- **Task objective**:
Of all the lines below, output only those starting at the one with "edge.add_line((273.28, 35.45), (273, 35.42))" and ending at the one with "edge.add_line((289.97, -1.09), (291.28, -1.92))", both ends included, exactly as written.

- **Task data**:
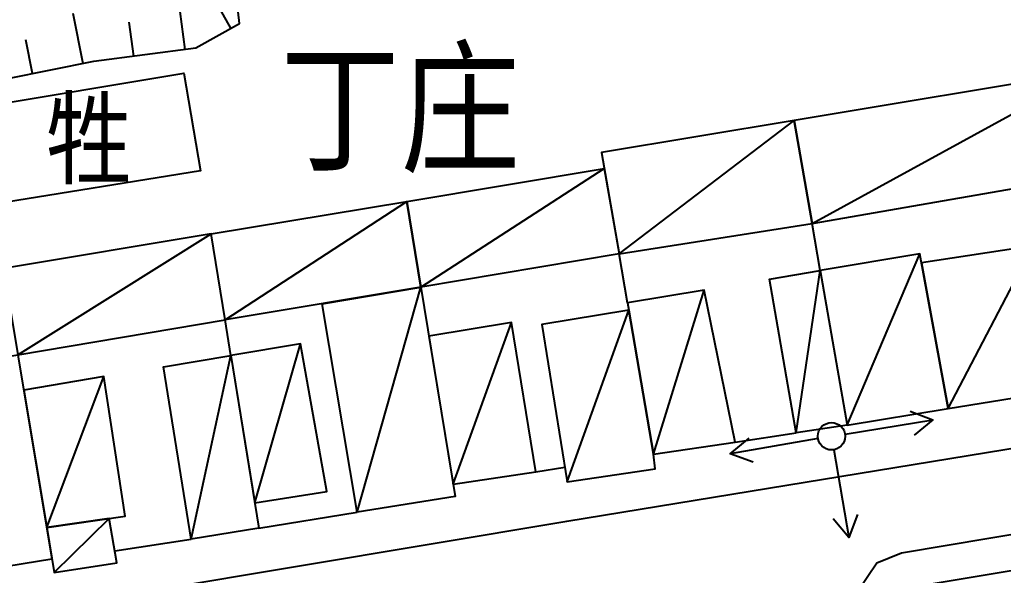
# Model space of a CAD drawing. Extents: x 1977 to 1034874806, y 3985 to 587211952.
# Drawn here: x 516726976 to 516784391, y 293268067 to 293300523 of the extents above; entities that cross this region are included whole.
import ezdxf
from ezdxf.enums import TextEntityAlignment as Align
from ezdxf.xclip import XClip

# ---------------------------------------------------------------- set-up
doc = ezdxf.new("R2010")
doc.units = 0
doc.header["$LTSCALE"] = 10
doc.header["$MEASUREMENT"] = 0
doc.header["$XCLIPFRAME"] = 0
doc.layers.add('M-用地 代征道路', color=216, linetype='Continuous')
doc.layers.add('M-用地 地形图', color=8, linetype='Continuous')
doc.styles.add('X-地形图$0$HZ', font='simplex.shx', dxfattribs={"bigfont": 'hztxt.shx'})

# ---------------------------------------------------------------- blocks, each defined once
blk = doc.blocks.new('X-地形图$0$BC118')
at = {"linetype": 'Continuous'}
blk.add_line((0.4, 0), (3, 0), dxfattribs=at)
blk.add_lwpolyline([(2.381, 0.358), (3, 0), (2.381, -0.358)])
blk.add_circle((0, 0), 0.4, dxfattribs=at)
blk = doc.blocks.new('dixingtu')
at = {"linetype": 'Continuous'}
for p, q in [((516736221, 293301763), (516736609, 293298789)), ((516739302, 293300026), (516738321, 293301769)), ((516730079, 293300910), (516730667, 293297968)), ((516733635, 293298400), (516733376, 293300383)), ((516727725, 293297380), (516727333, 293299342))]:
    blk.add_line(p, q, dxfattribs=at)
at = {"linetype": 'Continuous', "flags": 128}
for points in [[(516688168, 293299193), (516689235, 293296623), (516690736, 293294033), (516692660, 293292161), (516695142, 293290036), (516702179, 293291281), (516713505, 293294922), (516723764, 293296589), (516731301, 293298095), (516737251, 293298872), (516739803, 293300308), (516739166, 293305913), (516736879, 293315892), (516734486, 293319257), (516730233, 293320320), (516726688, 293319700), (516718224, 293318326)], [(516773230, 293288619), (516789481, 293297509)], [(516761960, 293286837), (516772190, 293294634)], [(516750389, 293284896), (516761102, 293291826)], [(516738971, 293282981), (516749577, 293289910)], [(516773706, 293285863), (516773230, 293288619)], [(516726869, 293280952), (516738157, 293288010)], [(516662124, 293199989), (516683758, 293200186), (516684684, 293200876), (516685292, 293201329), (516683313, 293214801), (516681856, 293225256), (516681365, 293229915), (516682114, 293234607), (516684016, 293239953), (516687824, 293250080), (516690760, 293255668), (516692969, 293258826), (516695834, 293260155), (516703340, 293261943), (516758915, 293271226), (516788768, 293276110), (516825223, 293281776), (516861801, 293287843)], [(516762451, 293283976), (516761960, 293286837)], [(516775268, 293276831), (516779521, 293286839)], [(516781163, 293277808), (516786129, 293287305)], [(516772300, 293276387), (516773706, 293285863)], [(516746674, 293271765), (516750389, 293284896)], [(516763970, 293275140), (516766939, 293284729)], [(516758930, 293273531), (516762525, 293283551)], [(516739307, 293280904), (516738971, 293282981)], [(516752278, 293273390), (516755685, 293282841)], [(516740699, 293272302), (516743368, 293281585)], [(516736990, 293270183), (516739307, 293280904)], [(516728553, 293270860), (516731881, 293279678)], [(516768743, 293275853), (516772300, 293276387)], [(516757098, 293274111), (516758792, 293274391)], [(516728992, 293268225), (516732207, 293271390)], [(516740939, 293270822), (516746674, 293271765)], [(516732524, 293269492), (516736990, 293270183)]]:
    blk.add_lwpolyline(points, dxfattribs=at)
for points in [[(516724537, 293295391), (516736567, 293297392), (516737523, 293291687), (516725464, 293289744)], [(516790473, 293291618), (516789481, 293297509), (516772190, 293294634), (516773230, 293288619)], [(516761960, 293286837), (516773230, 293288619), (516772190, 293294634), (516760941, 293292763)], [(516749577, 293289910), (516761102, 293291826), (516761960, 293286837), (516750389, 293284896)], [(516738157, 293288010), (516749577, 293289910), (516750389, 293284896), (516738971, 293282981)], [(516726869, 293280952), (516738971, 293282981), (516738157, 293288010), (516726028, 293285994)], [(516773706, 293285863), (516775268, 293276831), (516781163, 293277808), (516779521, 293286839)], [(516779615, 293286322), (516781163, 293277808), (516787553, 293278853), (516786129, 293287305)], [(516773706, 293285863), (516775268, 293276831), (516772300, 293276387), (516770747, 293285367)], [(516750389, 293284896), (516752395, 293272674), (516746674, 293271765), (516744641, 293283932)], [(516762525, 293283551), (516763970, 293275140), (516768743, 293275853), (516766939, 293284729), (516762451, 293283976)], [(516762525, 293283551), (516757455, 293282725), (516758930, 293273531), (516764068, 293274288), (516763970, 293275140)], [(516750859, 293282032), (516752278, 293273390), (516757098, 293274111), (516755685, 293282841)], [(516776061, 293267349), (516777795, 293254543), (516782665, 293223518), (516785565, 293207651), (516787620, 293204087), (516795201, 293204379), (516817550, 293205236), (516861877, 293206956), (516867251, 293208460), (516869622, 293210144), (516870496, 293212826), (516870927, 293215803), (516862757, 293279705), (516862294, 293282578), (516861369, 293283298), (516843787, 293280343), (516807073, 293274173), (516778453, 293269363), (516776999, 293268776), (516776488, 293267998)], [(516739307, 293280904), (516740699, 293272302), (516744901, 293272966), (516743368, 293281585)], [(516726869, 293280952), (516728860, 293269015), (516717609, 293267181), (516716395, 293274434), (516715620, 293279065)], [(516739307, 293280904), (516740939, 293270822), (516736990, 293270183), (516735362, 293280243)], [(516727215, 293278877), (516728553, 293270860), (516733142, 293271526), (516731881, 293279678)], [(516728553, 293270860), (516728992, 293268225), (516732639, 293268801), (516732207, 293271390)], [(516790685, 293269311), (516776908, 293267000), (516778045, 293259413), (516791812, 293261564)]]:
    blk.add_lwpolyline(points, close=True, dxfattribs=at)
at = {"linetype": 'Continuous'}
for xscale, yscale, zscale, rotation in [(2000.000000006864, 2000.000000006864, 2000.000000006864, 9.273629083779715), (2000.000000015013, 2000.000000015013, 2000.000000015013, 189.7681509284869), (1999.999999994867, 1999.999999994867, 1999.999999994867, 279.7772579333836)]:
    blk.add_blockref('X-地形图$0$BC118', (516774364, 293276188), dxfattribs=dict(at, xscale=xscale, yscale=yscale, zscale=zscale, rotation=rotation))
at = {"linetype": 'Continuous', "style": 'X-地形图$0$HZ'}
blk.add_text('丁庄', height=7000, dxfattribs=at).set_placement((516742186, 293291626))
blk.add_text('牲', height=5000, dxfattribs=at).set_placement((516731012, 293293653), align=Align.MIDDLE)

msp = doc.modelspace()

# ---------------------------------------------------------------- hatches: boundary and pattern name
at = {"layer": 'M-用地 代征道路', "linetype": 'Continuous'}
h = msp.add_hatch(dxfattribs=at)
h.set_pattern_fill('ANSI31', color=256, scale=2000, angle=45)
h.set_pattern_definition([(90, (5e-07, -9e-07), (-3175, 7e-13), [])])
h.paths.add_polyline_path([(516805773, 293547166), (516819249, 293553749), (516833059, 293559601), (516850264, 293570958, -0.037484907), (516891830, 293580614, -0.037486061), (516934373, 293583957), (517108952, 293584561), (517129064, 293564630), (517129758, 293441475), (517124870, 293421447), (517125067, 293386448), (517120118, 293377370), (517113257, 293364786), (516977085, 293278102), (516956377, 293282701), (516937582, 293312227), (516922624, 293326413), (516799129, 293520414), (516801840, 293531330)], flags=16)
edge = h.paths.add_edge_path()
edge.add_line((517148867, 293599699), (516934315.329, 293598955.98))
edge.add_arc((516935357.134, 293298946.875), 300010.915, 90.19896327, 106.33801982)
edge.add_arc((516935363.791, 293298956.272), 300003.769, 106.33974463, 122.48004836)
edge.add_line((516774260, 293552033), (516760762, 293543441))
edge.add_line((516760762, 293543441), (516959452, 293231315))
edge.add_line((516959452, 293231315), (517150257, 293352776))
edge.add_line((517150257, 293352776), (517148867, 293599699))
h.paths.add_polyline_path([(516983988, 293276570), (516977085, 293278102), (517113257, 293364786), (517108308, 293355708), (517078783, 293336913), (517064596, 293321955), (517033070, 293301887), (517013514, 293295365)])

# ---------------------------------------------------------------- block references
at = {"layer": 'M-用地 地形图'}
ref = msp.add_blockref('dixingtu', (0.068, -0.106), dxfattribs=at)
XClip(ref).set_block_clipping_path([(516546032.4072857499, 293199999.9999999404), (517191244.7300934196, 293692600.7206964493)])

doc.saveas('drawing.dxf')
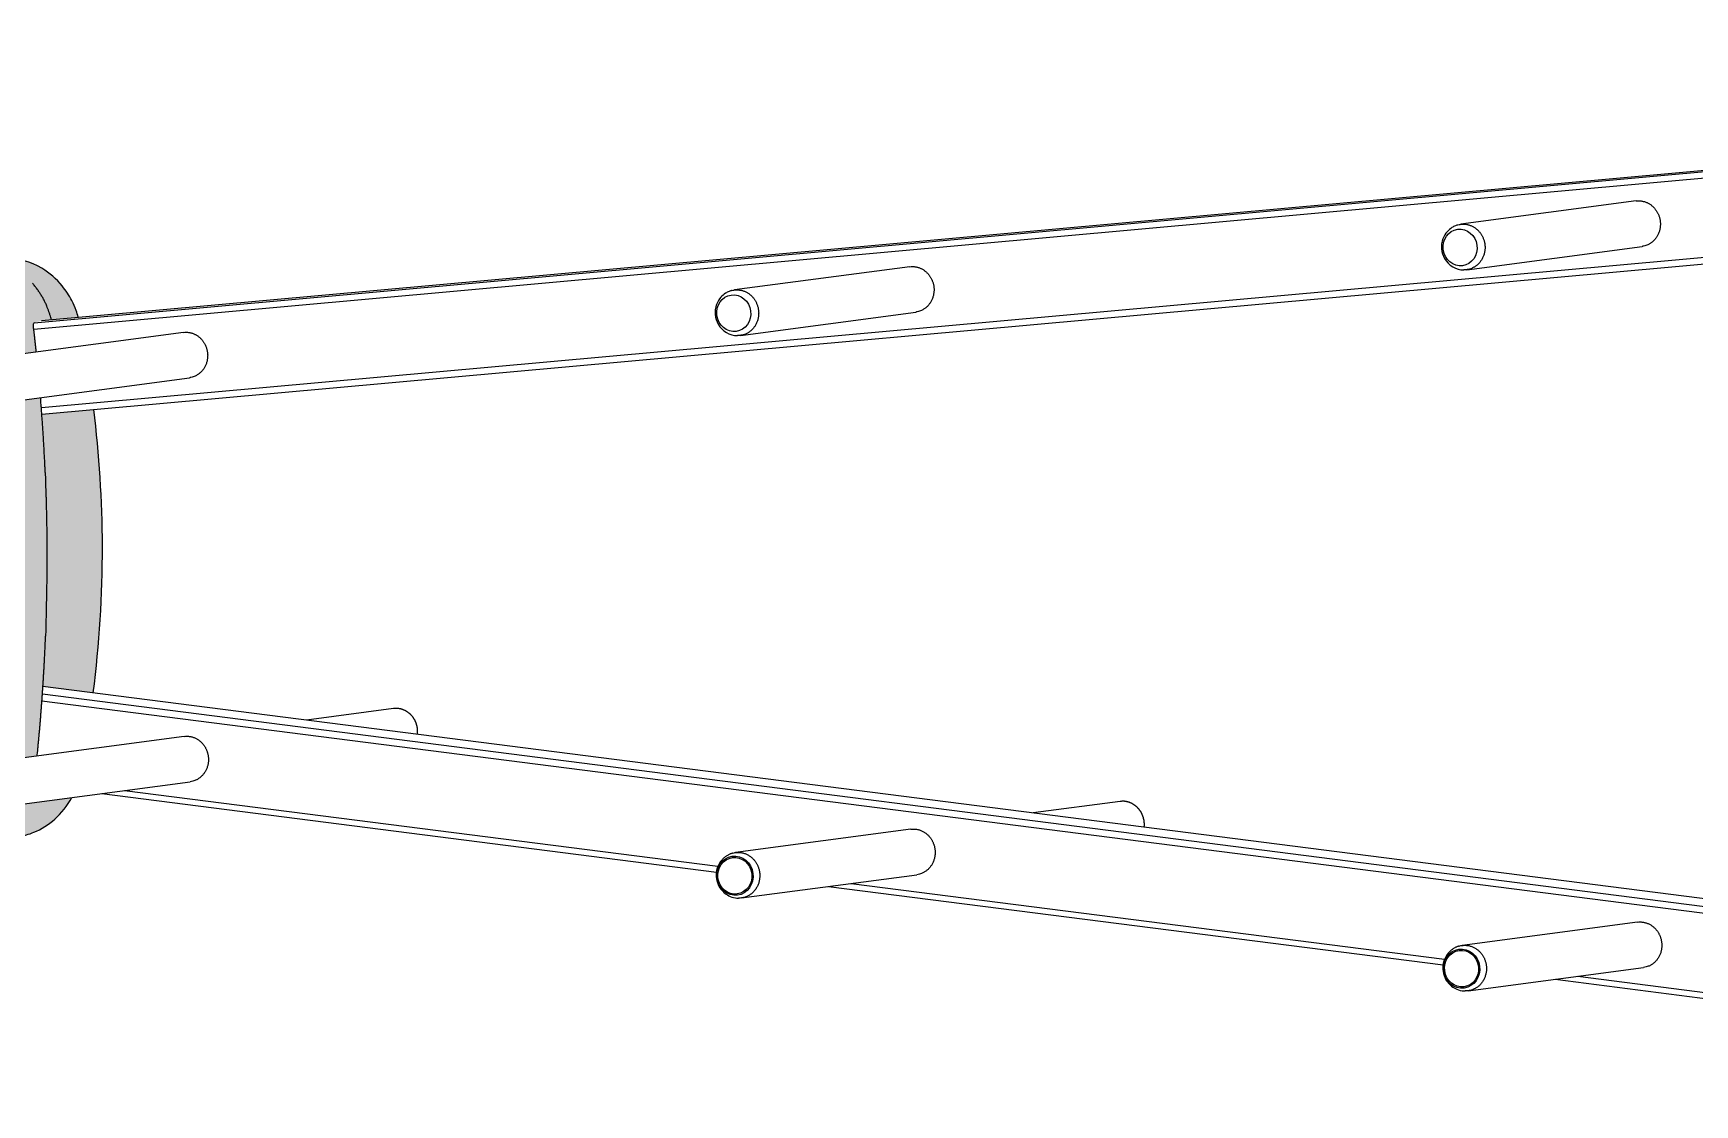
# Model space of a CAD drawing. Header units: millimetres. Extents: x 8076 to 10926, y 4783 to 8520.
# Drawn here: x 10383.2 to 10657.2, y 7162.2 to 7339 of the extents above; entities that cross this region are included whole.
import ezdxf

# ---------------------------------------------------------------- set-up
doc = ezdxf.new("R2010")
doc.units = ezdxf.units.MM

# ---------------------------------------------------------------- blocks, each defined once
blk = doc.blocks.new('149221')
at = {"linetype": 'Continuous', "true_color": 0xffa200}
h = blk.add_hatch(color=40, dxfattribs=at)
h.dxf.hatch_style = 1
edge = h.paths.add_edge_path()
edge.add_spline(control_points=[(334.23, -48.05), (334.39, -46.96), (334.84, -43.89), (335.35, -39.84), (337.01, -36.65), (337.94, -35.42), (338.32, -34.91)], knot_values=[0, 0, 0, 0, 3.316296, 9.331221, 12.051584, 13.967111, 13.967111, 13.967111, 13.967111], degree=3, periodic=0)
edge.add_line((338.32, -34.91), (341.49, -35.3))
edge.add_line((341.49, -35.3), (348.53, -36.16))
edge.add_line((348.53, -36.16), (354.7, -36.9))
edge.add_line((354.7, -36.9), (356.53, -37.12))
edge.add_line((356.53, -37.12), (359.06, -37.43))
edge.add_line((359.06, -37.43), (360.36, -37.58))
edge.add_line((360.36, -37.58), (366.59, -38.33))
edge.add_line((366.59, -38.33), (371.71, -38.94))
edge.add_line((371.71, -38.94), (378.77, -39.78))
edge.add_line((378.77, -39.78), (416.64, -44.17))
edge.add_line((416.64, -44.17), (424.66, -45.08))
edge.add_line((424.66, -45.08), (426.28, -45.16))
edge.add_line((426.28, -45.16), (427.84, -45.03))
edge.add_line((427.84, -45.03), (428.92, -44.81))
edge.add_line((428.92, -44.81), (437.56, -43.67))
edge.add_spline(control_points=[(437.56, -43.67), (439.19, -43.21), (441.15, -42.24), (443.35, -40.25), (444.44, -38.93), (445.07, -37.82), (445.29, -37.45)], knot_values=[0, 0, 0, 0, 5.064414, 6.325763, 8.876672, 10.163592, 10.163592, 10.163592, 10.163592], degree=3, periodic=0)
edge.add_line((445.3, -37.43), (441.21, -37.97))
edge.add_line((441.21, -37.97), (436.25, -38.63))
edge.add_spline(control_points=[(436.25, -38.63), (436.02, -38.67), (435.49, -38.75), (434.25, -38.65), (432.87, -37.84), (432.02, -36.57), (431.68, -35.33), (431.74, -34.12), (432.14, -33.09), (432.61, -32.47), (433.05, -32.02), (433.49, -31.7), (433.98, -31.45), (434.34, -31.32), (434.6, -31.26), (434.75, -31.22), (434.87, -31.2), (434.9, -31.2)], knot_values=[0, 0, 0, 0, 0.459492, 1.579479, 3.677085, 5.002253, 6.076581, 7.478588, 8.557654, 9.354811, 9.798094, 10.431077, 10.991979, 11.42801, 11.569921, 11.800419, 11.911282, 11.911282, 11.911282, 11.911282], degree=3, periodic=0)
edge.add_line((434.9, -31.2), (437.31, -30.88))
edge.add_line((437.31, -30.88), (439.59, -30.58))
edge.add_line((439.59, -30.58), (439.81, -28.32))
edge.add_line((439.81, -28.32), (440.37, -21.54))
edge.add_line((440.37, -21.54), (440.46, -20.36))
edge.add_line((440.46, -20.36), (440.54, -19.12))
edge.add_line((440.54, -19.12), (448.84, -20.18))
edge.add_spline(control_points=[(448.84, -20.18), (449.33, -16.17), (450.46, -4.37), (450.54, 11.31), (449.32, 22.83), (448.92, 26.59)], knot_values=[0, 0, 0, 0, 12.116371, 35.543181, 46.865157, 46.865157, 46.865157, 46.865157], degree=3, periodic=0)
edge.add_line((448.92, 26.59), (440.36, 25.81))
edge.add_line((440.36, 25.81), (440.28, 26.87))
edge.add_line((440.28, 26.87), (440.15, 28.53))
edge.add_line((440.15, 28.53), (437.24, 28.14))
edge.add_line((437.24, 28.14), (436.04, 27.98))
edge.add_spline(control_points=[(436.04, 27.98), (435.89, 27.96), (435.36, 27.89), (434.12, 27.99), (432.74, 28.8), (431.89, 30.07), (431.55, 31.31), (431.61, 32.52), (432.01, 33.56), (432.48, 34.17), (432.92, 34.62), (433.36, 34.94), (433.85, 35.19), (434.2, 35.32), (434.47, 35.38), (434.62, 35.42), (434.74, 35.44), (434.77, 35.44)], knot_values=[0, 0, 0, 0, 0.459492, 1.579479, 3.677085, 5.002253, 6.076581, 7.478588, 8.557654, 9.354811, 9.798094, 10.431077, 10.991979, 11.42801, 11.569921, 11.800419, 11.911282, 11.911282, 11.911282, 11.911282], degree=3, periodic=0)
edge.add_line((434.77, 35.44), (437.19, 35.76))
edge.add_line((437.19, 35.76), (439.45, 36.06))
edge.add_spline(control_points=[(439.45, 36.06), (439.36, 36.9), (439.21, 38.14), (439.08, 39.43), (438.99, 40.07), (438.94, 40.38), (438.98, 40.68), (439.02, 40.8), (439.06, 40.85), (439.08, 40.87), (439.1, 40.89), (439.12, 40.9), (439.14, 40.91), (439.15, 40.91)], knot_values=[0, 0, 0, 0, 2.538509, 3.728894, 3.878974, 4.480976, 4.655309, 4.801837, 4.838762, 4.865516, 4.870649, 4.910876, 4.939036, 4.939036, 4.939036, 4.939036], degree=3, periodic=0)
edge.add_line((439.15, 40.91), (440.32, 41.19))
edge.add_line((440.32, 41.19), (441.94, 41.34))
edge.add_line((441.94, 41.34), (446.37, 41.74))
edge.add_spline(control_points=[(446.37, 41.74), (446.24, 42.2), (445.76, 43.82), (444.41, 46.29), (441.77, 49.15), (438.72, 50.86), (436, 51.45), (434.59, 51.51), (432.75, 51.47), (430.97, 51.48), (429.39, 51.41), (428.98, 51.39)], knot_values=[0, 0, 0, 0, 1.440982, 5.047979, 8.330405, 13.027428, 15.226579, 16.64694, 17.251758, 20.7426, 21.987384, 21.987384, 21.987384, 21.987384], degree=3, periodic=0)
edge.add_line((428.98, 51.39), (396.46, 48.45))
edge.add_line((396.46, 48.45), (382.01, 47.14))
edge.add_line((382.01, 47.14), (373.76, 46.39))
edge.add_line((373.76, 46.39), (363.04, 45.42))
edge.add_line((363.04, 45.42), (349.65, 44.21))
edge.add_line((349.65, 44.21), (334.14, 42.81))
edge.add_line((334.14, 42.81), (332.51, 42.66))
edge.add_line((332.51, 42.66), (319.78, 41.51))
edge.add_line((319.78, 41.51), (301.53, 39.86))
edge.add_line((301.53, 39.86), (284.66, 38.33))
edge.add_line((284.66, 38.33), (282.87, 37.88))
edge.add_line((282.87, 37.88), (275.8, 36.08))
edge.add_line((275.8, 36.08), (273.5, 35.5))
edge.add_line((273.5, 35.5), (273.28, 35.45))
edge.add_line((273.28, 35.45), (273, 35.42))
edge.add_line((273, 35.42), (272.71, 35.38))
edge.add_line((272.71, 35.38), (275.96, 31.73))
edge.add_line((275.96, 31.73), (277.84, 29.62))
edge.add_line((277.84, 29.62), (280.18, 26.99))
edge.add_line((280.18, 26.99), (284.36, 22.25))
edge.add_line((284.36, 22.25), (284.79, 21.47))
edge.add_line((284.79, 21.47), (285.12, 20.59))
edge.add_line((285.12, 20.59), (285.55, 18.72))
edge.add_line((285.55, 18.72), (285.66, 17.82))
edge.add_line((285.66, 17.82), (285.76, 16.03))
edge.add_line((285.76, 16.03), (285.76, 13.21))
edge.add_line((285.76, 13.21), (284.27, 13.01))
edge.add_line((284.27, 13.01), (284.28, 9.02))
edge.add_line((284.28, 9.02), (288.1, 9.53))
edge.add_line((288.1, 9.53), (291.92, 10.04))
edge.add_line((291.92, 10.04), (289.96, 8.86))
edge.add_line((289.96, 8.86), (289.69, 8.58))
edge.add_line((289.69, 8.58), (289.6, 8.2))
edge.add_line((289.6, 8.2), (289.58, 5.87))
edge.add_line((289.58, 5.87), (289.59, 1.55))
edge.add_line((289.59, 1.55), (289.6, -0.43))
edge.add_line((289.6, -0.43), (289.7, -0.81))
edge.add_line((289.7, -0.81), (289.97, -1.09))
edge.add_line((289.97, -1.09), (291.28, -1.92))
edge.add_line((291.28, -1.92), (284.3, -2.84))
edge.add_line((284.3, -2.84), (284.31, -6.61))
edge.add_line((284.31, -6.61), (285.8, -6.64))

- **Result of this exercise**:
edge.add_line((273.28, 35.45), (273, 35.42))
edge.add_line((273, 35.42), (272.71, 35.38))
edge.add_line((272.71, 35.38), (275.96, 31.73))
edge.add_line((275.96, 31.73), (277.84, 29.62))
edge.add_line((277.84, 29.62), (280.18, 26.99))
edge.add_line((280.18, 26.99), (284.36, 22.25))
edge.add_line((284.36, 22.25), (284.79, 21.47))
edge.add_line((284.79, 21.47), (285.12, 20.59))
edge.add_line((285.12, 20.59), (285.55, 18.72))
edge.add_line((285.55, 18.72), (285.66, 17.82))
edge.add_line((285.66, 17.82), (285.76, 16.03))
edge.add_line((285.76, 16.03), (285.76, 13.21))
edge.add_line((285.76, 13.21), (284.27, 13.01))
edge.add_line((284.27, 13.01), (284.28, 9.02))
edge.add_line((284.28, 9.02), (288.1, 9.53))
edge.add_line((288.1, 9.53), (291.92, 10.04))
edge.add_line((291.92, 10.04), (289.96, 8.86))
edge.add_line((289.96, 8.86), (289.69, 8.58))
edge.add_line((289.69, 8.58), (289.6, 8.2))
edge.add_line((289.6, 8.2), (289.58, 5.87))
edge.add_line((289.58, 5.87), (289.59, 1.55))
edge.add_line((289.59, 1.55), (289.6, -0.43))
edge.add_line((289.6, -0.43), (289.7, -0.81))
edge.add_line((289.7, -0.81), (289.97, -1.09))
edge.add_line((289.97, -1.09), (291.28, -1.92))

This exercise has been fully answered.